Crucially, while Villalón acknowledged that the test, which UK nationals pass automatically by virtue of their citizenship, constitutes “indirect discrimination”, he went to on argue that this is “justified by the necessity of protecting the host member state’s public finances, as argued by the UK.” Although this is not a definitive ruling, ECJ judges tend to follow the Advocate General’s opinion in the majority of cases so it is unlikely (though not impossible) that it will be reversed.
Today’s opinion therefore reinforces the principle that in certain conditions, member states can treat their own citizens differently from other EU nationals, which the Court also highlighted in the recent Dano and Alimanovic cases.

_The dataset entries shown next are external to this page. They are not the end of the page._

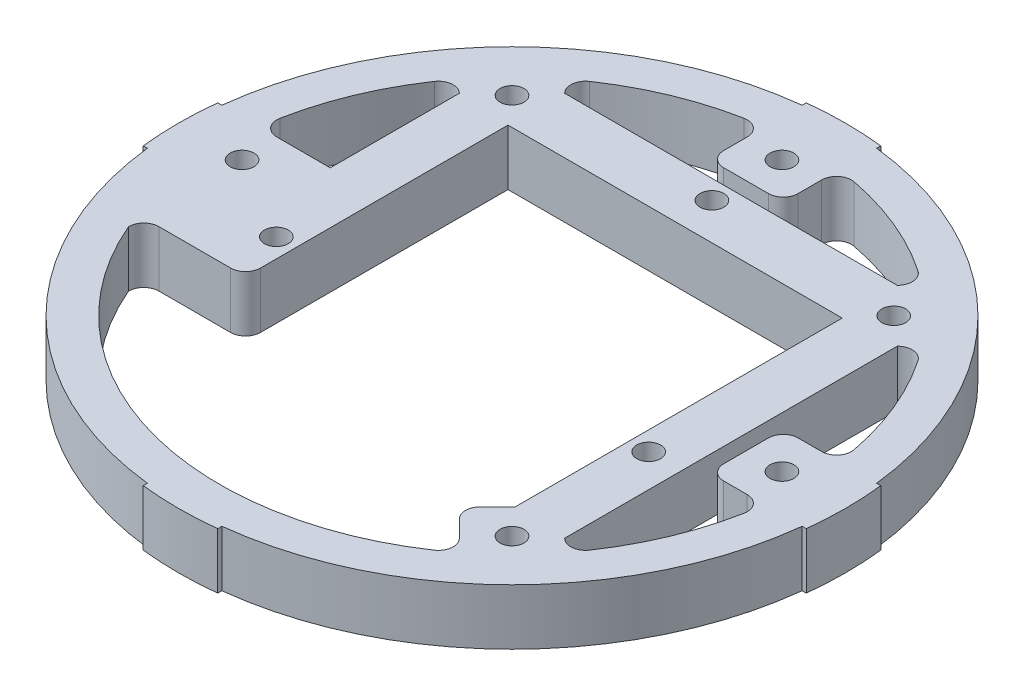
SolidWorks part; units mm, degrees
ref_plane "Front Plane" through (0, 0, 0) normal (0, 0, 1) x (1, 0, 0)
ref_plane "Top Plane" through (0, 0, 0) normal (0, 1, 0) x (1, 0, 0)
ref_plane "Right Plane" through (0, 0, 0) normal (1, 0, 0) x (0, 0, -1)
sketch "Sketch2" plane through (0, 0, 0) normal (0, 1, 0) x (1, 0, 0)
  line L0 (0, 0) -> (52.9832, 0) construction
  line L1 (31.43, 3) -> (31.43, -3)
  line L2 (33.43, 5) -> (45.2963, 5) construction
  line L3 (33.43, 5) -> (36.5861, 5)
  line L4 (45.2963, -5) -> (33.43, -5) construction
  line L5 (33.43, -5) -> (36.5861, -5)
  line L6 (27.1741, -20.103) -> (35.5648, -28.4938) construction
  line L7 (27.1741, -20.103) -> (29.4058, -22.3348)
  line L8 (24.3457, -20.103) -> (20.103, -24.3457)
  line L9 (20.103, -27.1741) -> (22.3348, -29.4058)
  line L10 (28.4938, -35.5648) -> (20.103, -27.1741) construction
  line L16 (-20.103, -27.1741) -> (-28.4938, -35.5648) construction
  line L20 (-35.5648, -28.4938) -> (-27.1741, -20.103) construction
  line L21 (-33.43, -5) -> (-45.2963, -5) construction
  line L22 (-33.43, -5) -> (-36.5861, -5)
  line L23 (-31.43, -3) -> (-31.43, 3)
  line L24 (-33.43, 5) -> (-36.5861, 5)
  line L25 (-45.2963, 5) -> (-33.43, 5) construction
  line L26 (-27.1741, 20.103) -> (-35.5648, 28.4938) construction
  line L27 (-27.1741, 20.103) -> (-29.4058, 22.3348)
  line L28 (-24.3457, 20.103) -> (-20.103, 24.3457)
  line L29 (-20.103, 27.1741) -> (-22.3348, 29.4058)
  line L30 (-28.4938, 35.5648) -> (-20.103, 27.1741) construction
  line L31 (-5, 33.43) -> (-5, 45.2963) construction
  line L32 (-5, 33.43) -> (-5, 36.5861)
  line L33 (-3, 31.43) -> (3, 31.43)
  line L34 (5, 33.43) -> (5, 36.5861)
  line L35 (5, 45.2963) -> (5, 33.43) construction
  line L36 (20.103, 27.1741) -> (28.4938, 35.5648) construction
  line L37 (20.103, 27.1741) -> (22.3348, 29.4058)
  line L38 (20.103, 24.3457) -> (24.3457, 20.103)
  line L39 (27.1741, 20.103) -> (29.4058, 22.3348)
  line L40 (35.5648, 28.4938) -> (27.1741, 20.103) construction
  line L41 (43.9666, 5) -> (44.5201, 5)
  line L42 (43.9666, -5) -> (44.5201, -5)
  line L43 (-5, -43.9666) -> (-5, -44.5201)
  line L44 (5, -43.9666) -> (5, -44.5201)
  line L45 (-43.9666, 5) -> (-44.5201, 5)
  line L46 (-43.9666, -5) -> (-44.5201, -5)
  line L47 (5, 43.9666) -> (5, 44.5201)
  line L48 (-5, 43.9666) -> (-5, 44.5201)
  line L49 (3, -31.43) -> (-3, -31.43) [skipped]
  line L50 (-5, -33.43) -> (-5, -36.5861) [skipped]
  line L51 (5, -33.43) -> (5, -36.5861) [skipped]
  line L52 (5, -33.43) -> (5, -45.2963) construction
  line L53 (-5, -45.2963) -> (-5, -33.43) construction
  line L54 (-20.103, -24.3457) -> (-24.3457, -20.103) [skipped]
  line L55 (-20.103, -27.1741) -> (-22.3348, -29.4058) [skipped]
  line L56 (-27.1741, -20.103) -> (-29.4058, -22.3348) [skipped]
  circle A0 centre (0, 0) radius 44.25 construction
  circle A1 centre (0, 0) radius 39.25 construction
  circle A2 centre (0, 0) radius 36.25 construction
  circle A3 centre (36.25, 0) radius 1.6
  arc A4 (31.43, 3) -> (33.43, 5) centre (33.43, 3) cw
  arc A5 (31.43, -3) -> (33.43, -5) centre (33.43, -3) ccw
  arc A6 (36.5861, 5) -> (38.5507, 7.3758) centre (36.5864, 7) ccw
  arc A7 (36.5861, -5) -> (38.5507, -7.3758) centre (36.5864, -7) cw
  arc A8 (29.4058, -22.3348) -> (32.475, -22.044) centre (30.8202, -20.9207) ccw
  arc A9 (24.3457, -20.103) -> (27.1741, -20.103) centre (25.7599, -21.5173) cw
  arc A10 (20.103, -24.3457) -> (20.103, -27.1741) centre (21.5173, -25.7599) ccw
  arc A11 (22.3348, -29.4058) -> (22.044, -32.475) centre (20.9207, -30.8202) cw
  circle A12 centre (25.6326, -25.6326) radius 1.6
  arc A13 (-38.5507, -7.3758) -> (22.044, -32.475) centre (0, 0) ccw
  arc A23 (-36.5861, -5) -> (-38.5507, -7.3758) centre (-36.5864, -7) ccw
  arc A24 (-31.43, -3) -> (-33.43, -5) centre (-33.43, -3) cw
  arc A25 (-31.43, 3) -> (-33.43, 5) centre (-33.43, 3) ccw
  arc A26 (-36.5861, 5) -> (-38.5507, 7.3758) centre (-36.5864, 7) cw
  circle A27 centre (-36.25, 0) radius 1.6
  arc A28 (-29.4058, 22.3348) -> (-32.475, 22.044) centre (-30.8202, 20.9207) ccw
  arc A29 (-24.3457, 20.103) -> (-27.1741, 20.103) centre (-25.7599, 21.5173) cw
  arc A30 (-20.103, 24.3457) -> (-20.103, 27.1741) centre (-21.5173, 25.7599) ccw
  arc A31 (-22.3348, 29.4058) -> (-22.044, 32.475) centre (-20.9207, 30.8202) cw
  circle A32 centre (-25.6326, 25.6326) radius 1.6
  arc A33 (-5, 36.5861) -> (-7.3758, 38.5507) centre (-7, 36.5864) ccw
  arc A34 (-3, 31.43) -> (-5, 33.43) centre (-3, 33.43) cw
  arc A35 (3, 31.43) -> (5, 33.43) centre (3, 33.43) ccw
  arc A36 (5, 36.5861) -> (7.3758, 38.5507) centre (7, 36.5864) cw
  circle A37 centre (0, 36.25) radius 1.6
  arc A38 (22.3348, 29.4058) -> (22.044, 32.475) centre (20.9207, 30.8202) ccw
  arc A39 (20.103, 24.3457) -> (20.103, 27.1741) centre (21.5173, 25.7599) cw
  arc A40 (24.3457, 20.103) -> (27.1741, 20.103) centre (25.7599, 21.5173) ccw
  arc A41 (29.4058, 22.3348) -> (32.475, 22.044) centre (30.8202, 20.9207) cw
  circle A42 centre (25.6326, 25.6326) radius 1.6
  arc A43 (32.475, 22.044) -> (38.5507, 7.3758) centre (0, 0) cw
  arc A44 (38.5507, -7.3758) -> (32.475, -22.044) centre (0, 0) cw
  arc A48 (-38.5507, 7.3758) -> (-32.475, 22.044) centre (0, 0) cw
  arc A49 (-22.044, 32.475) -> (-7.3758, 38.5507) centre (0, 0) cw
  arc A50 (7.3758, 38.5507) -> (22.044, 32.475) centre (0, 0) cw
  arc A51 (44.5201, 5) -> (44.5201, -5) centre (0, 0) cw
  arc A52 (5, -44.5201) -> (-5, -44.5201) centre (0, 0) cw
  arc A53 (-44.5201, -5) -> (-44.5201, 5) centre (0, 0) cw
  arc A54 (-5, 44.5201) -> (5, 44.5201) centre (0, 0) cw
  arc A55 (5, 43.9666) -> (43.9666, 5) centre (0, 0) cw
  arc A56 (43.9666, -5) -> (5, -43.9666) centre (0, 0) cw
  arc A57 (-5, -43.9666) -> (-43.9666, -5) centre (0, 0) cw
  arc A58 (-43.9666, 5) -> (-5, 43.9666) centre (0, 0) cw
  arc A59 (5, -36.5861) -> (7.3758, -38.5507) centre (7, -36.5864) ccw [skipped]
  arc A60 (-5, -36.5861) -> (-7.3758, -38.5507) centre (-7, -36.5864) cw [skipped]
  arc A61 (3, -31.43) -> (5, -33.43) centre (3, -33.43) cw [skipped]
  arc A62 (-3, -31.43) -> (-5, -33.43) centre (-3, -33.43) ccw [skipped]
  circle A63 centre (0, -36.25) radius 1.6 [skipped]
  arc A64 (-24.3457, -20.103) -> (-27.1741, -20.103) centre (-25.7599, -21.5173) ccw [skipped]
  arc A65 (-20.103, -24.3457) -> (-20.103, -27.1741) centre (-21.5173, -25.7599) cw [skipped]
  arc A66 (-22.3348, -29.4058) -> (-22.044, -32.475) centre (-20.9207, -30.8202) ccw [skipped]
  circle A67 centre (-25.6326, -25.6326) radius 1.6 [skipped]
  arc A68 (-29.4058, -22.3348) -> (-32.475, -22.044) centre (-30.8202, -20.9207) cw [skipped]
  arc A69 (-7.3758, -38.5507) -> (-22.044, -32.475) centre (0, 0) cw [skipped]
  arc A70 (22.044, -32.475) -> (7.3758, -38.5507) centre (0, 0) cw [skipped]
  arc A71 (-32.475, -22.044) -> (-38.5507, -7.3758) centre (0, 0) cw [skipped]
  point P17 (39.25, 0)
  point P22 (43.9666, 5)
  point P25 (43.9666, -5)
  point P26 (31.43, 0)
  point P43 (22.2244, -22.2244)
  point P47 (0, -31.43)
  point P77 (-22.2244, -22.2244)
  point P94 (-31.43, 0)
  point P111 (-22.2244, 22.2244)
  point P128 (0, 31.43)
  point P145 (22.2244, 22.2244)
  point P146 (0, 0)
  point P147 (0, 0)
  point P163 (0, 0)
  point P172 (0, 0)
  point P176 (0, 0)
  dimension "D1" = 5
  dimension "D3" = 10
  dimension "D2" = 3
  dimension "D5" = 7.82
  dimension "D6" = 8
  dimension "D4" = 4.82
  dimension "D8" = 4
  dimension "D7" = 8
  dimension "D9" = 4
extrude "Boss-Extrude2" add sketch "Sketch2" along normal blind 7.5
sketch "Sketch3" plane through (0, 0, 0) normal (0, -1, 0) x (1, 0, 0)
  line L0 (0, -21.902) -> (0, -26.8477) construction
  line L1 (22.4409, -21.902) -> (-22.4409, -21.902)
  line L2 (22.4409, -21.902) -> (22.4409, 24.0326)
  line L3 (22, 37.15) -> (-22, 37.15) construction
  line L4 (-22.4409, -21.902) -> (-22.4409, 6.65)
  line L5 (-22.4409, 6.65) -> (-25, 6.65) construction
  line L6 (22, 6.65) -> (25, 6.65) construction
  line L7 (22, 37.15) -> (22, 44.25) construction
  line L8 (22, 44.25) -> (-22, 44.25) construction
  line L9 (-22, 44.25) -> (-22, 37.15) construction
  line L10 (0, 44.25) -> (0, 6.66) construction
  line L11 (22.3348, -29.4058) -> (-22.3348, -29.4058)
  line L12 (-29.4058, -22.3348) -> (-29.4058, -5)
  line L13 (-33.43, -5) -> (-29.4058, -5)
  line L14 (29.4058, -22.3348) -> (29.4058, 22.3348)
  line L15 (-22.4409, 6.65) -> (-22.4409, 11.3413)
  line L16 (29.4058, 29.4058) -> (23.4346, 29.4058)
  line L17 (29.4058, -22.3348) -> (29.4058, -29.4058)
  line L18 (29.4058, -29.4058) -> (22.3348, -29.4058)
  line L19 (29.4058, 29.4058) -> (29.4058, 22.3348)
  line L20 (-22.3348, -29.4058) -> (-29.4058, -29.4058)
  line L21 (-29.4058, -29.4058) -> (-29.4058, -22.3348)
  line L22 (-24.4409, 13.3413) -> (-29.4058, 13.3413)
  line L23 (23.4346, 29.4058) -> (23.4346, 25.6326)
  line L24 (23.4346, 25.6326) -> (22.4409, 25.6326)
  line L25 (-36.0914, 15.4263) -> (-39.5795, 15.4263)
  line L26 (-34.0914, 13.3413) -> (-29.4058, 13.3413)
  line L27 (22.4409, 25.6326) -> (22.4409, 24.0326)
  line L28 (-39.5795, 15.4263) -> (-39.5795, 13.3413)
  line L29 (-39.5795, 13.3413) -> (-39.5795, 3.4055)
  line L30 (-39.5795, 3.4055) -> (-33.43, 3.4055)
  line L31 (-33.43, -5) -> (-33.43, 3.4055)
  circle A0 centre (0, -26.8477) radius 1.6
  circle A1 centre (-25, 6.65) radius 1.6
  circle A2 centre (25, 6.65) radius 1.6
  arc A3 (22, 37.15) -> (-22, 37.15) centre (0, 6.66) ccw construction
  arc A4 (-22.4409, 11.3413) -> (-24.4409, 13.3413) centre (-24.4409, 11.3413) ccw
  circle A5 centre (25.6326, 25.6326) radius 1.6
  arc A6 (-34.0914, 13.3413) -> (-36.0914, 15.4263) centre (-34.0932, 15.3413) cw
  circle A8 centre (-25.6326, -25.6326) radius 1.6
  circle A9 centre (25.6326, -25.6326) radius 1.6
  arc A10 (22.044, 32.475) -> (-38.5507, 7.3758) centre (0, 0) ccw construction
  point P3 (0, -21.902)
  point P33 (25.6326, 25.6326)
  dimension "D4" = 28.552
extrude "Boss-Extrude3" add sketch "Sketch3" against normal blind 7.5
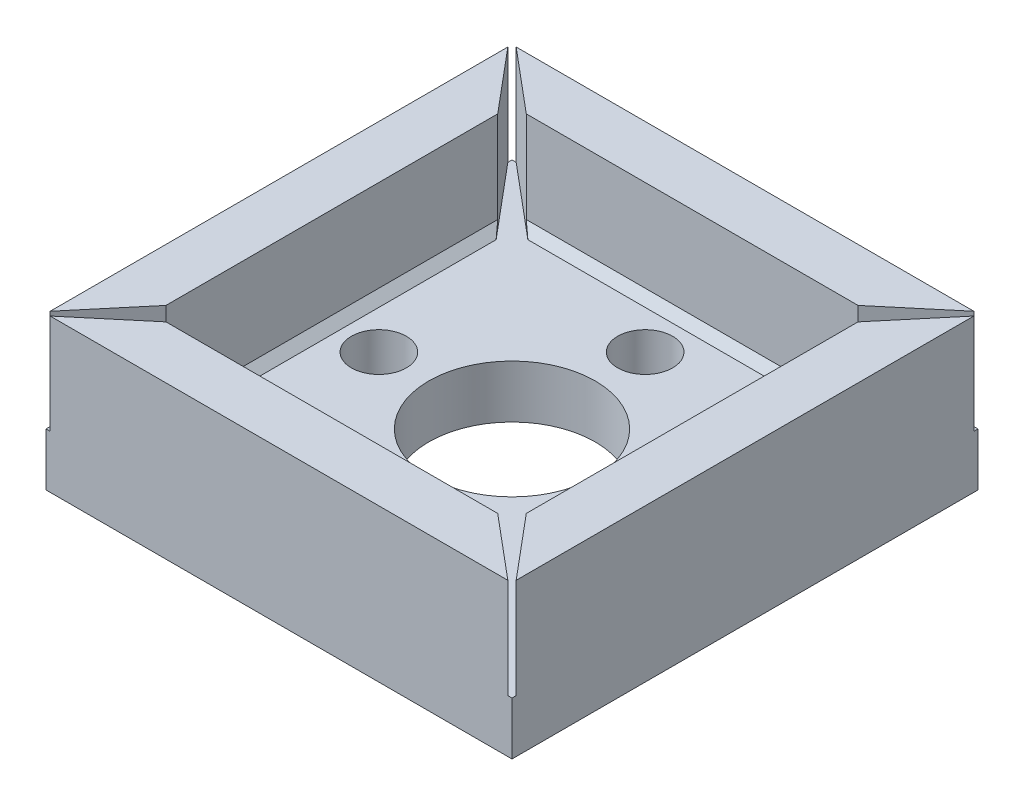
SolidWorks part; units mm, degrees
ref_plane "Front Plane" through (0, 0, 0) normal (0, 0, 1) x (1, 0, 0)
ref_plane "Top Plane" through (0, 0, 0) normal (0, 1, 0) x (1, 0, 0)
ref_plane "Right Plane" through (0, 0, 0) normal (1, 0, 0) x (0, 0, -1)
sketch "Sketch1" plane through (0, 0, 0) normal (0, 1, 0) x (1, 0, 0)
  line L1 (-14, -14) -> (14, -14)
  line L2 (-14, -14) -> (-14, 14)
  line L3 (-14, 14) -> (14, 14)
  line L4 (14, -14) -> (14, 14)
  line L5 (-14, -14) -> (14, 14) construction
  line L6 (-14, 14) -> (14, -14) construction
  point P0 (0, 0)
  dimension "D1" = 28
extrude "Boss-Extrude1" add sketch "Sketch1" along normal blind 3.175
sketch "Sketch2" plane through (0, 3.175, 0) normal (0, 1, 0) x (1, 0, 0)
  circle A0 centre (0, 0) radius 5
  dimension "D1" = 10
extrude "Cut-Extrude1" cut sketch "Sketch2" against normal through all
hole_wizard "Ø3.0mm Dowel Hole1" positions "Sketch3" profile "Sketch4" hole size "Ø3.0" standard "ANSI Metric"
sketch "Sketch3" plane through (0, 3.175, 0) normal (0, 1, 0) x (1, 0, 0)
  point P0 (8, 0)
  point P3 (0, -8)
  point P6 (-8, 0)
  point P9 (0, 8)
sketch "Sketch4" plane through (8, 3.175, 0) normal (1, 0, 0) x (0, 0, 1)
  line L0 (0, 0) -> (0, 15.9914)
  line L1 (0, 15.9914) -> (1.65, 15)
  line L2 (1.65, 15) -> (1.65, 0)
  line L5 (1.65, 0) -> (0, 0)
  line L10 (0, 15.9914) -> (-1.65, 15) construction
  line L11 (0, -6.35) -> (0, 107.95) construction
  dimension "Hole Dia." = 3.3
  dimension "Hole Depth" = 15
  dimension "Drill Angle" = 118
sketch "Sketch7" plane through (0, 3.175, 0) normal (0, 1, 0) x (1, 0, 0)
  line L0 (-13.75, -14) -> (13.75, -14)
  line L1 (13.75, -14) -> (9.9662, -10.825)
  line L2 (9.9662, -10.825) -> (-9.9662, -10.825)
  line L3 (-13.75, -14) -> (-9.9662, -10.825)
  line L4 (-14, 14) -> (-14, -14) construction
  line L5 (14, -14) -> (14, 14) construction
  line L6 (-14, -14) -> (14, -14) construction
  point P2 (0, -14)
  point P3 (0, -14)
  point P7 (-9.6206, -9.8597)
  point P11 (0, 0)
  point P12 (0, 0)
  point P13 (-11.763, -13)
  point P16 (11.7029, -13)
  point P17 (-13, -13)
  point P19 (0, 0)
  point P20 (0, 0)
  point P21 (0, 0)
  point P22 (0, 0)
  dimension "D1" = 3.175
  dimension "D2" = 50
  dimension "D3" = 50
  dimension "D4" = 0.25
extrude "Boss-Extrude3" add sketch "Sketch7" along normal blind 6
pattern_circular "CirPattern2" count 4 over 360 about axis through (0, 0, 0) along (0, 1, 0) of "Boss-Extrude3"
chamfer "Chamfer2" distance 0.5 angle 45 4 edges at (0, 3.175, 10.825) (10.825, 3.175, 0) (0, 3.175, -10.825) (-10.825, 3.175, 0)

Although the case relates to existing rules, it also strengthens the basis for Cameron’s arguments that differential treatment should be extended to in-work benefits. While this will ultimately be a political decision for EU leaders, there are an increasing number of precedents the UK can point to justify its position.
The opinion also states that the UK is able to assess whether EU nationals are lawfully resident, under the terms of the EU’s 2004 Free Movement Directive, before deciding whether to grant access to benefits. This suggests that further restrictions could be achieved via amending the Directive and the parallel Social Security Regulations (we set out here how this could be done). This would be much easier than securing Treaty Change which would require unanimity and for which there is little appetite across the EU for the time being, although admittedly this remains a grey area.